Content starts

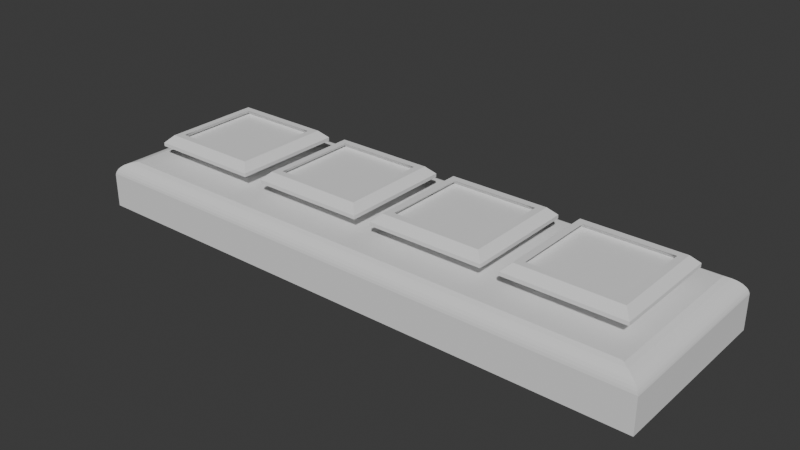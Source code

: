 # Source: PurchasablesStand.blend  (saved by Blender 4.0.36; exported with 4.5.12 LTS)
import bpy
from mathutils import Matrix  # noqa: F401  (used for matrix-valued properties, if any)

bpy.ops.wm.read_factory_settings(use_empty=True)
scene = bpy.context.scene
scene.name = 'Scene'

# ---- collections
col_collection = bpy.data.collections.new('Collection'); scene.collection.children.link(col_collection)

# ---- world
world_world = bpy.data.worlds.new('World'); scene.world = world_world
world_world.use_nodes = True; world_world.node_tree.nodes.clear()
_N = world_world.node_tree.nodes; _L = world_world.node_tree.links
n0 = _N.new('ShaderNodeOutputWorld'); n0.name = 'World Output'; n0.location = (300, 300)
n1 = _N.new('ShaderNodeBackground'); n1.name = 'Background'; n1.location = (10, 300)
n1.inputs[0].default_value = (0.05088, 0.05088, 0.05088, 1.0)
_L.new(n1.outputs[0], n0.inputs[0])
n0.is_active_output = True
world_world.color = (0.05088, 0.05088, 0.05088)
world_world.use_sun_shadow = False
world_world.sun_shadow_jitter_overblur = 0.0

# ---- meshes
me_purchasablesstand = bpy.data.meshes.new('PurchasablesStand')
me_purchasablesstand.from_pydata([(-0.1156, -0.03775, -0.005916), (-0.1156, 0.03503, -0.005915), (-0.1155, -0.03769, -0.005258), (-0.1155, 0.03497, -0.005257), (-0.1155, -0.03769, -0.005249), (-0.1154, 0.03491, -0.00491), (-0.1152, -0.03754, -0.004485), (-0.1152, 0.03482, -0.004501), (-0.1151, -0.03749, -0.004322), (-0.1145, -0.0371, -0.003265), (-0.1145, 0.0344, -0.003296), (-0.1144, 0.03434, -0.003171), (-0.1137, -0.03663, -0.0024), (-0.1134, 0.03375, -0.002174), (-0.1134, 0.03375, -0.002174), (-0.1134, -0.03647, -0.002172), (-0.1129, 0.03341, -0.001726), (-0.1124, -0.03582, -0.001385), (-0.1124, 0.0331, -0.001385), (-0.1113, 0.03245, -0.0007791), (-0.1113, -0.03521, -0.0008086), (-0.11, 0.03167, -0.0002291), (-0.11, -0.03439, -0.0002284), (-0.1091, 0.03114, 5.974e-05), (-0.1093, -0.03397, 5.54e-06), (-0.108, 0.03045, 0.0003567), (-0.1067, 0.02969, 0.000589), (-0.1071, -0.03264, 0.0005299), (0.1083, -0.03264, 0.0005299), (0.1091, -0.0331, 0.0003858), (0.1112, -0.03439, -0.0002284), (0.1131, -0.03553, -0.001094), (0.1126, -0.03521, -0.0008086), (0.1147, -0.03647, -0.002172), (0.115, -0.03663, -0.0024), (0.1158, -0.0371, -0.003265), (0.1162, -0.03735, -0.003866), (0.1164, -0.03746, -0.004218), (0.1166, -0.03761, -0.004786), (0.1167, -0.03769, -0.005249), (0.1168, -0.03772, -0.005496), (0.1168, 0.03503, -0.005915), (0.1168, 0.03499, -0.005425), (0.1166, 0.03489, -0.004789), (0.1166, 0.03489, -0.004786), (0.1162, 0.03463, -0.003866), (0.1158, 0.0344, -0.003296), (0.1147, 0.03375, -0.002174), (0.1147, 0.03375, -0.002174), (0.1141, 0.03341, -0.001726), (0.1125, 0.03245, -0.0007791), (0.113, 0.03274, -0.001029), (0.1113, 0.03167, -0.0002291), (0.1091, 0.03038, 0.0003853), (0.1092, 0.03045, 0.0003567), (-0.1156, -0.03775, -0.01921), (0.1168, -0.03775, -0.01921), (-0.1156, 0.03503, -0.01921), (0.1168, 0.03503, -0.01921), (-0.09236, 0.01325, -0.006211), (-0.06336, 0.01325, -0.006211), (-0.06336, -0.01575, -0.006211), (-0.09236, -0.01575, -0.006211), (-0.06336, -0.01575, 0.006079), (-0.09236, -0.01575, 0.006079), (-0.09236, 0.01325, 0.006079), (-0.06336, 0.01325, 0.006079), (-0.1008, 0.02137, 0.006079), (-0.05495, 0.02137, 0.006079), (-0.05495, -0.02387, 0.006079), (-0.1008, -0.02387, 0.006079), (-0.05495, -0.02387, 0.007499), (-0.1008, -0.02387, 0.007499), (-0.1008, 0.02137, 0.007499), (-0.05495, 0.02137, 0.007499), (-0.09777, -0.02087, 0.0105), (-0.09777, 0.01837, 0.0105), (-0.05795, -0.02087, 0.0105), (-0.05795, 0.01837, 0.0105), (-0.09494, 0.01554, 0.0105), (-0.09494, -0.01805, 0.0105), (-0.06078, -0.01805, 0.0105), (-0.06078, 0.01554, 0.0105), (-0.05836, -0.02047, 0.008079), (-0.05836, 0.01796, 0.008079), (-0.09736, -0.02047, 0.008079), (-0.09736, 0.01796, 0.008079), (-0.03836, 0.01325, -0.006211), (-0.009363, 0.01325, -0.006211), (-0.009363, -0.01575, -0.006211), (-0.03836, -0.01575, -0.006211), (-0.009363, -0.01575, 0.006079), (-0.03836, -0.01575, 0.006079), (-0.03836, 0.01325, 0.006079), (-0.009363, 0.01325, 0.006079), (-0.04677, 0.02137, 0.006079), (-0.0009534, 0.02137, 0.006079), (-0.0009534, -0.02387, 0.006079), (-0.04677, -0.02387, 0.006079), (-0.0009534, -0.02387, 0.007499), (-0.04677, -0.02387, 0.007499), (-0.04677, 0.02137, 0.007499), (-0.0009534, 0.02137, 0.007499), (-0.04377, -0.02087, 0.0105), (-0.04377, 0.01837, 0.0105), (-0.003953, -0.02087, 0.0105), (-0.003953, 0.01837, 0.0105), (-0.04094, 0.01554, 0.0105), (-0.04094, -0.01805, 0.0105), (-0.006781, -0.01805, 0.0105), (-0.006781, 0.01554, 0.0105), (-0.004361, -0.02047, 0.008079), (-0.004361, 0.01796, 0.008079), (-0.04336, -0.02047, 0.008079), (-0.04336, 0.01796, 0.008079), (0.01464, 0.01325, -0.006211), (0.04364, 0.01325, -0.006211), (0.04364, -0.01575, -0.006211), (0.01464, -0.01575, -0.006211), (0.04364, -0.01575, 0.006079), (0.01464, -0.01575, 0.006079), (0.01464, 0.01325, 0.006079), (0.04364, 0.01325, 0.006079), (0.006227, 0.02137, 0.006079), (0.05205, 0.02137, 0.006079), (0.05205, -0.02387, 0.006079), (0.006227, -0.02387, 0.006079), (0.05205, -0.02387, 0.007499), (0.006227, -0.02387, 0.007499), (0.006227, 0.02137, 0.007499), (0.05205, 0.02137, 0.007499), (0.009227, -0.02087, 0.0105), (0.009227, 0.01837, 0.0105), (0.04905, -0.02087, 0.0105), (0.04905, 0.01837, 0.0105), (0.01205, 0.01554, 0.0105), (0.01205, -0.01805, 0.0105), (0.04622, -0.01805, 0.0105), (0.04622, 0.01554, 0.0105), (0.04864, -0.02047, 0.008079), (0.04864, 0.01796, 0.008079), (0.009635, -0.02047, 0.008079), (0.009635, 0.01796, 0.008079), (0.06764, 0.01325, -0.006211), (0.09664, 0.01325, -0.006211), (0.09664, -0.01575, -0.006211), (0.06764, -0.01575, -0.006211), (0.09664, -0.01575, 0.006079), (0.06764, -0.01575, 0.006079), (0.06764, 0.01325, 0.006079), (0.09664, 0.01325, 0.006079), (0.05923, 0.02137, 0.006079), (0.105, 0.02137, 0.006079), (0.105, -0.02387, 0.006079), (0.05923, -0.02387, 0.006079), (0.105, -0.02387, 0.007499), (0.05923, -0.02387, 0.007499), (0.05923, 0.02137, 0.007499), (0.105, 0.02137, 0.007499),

Content ends

▸ WHAT YOU NEED TO DO
Show every line of the entries above where the word "collections" occurs.

▸ RESPONSE TO THIS EXERCISE
# ---- collections
col_collection = bpy.data.collections.new('Collection'); scene.collection.children.link(col_collection)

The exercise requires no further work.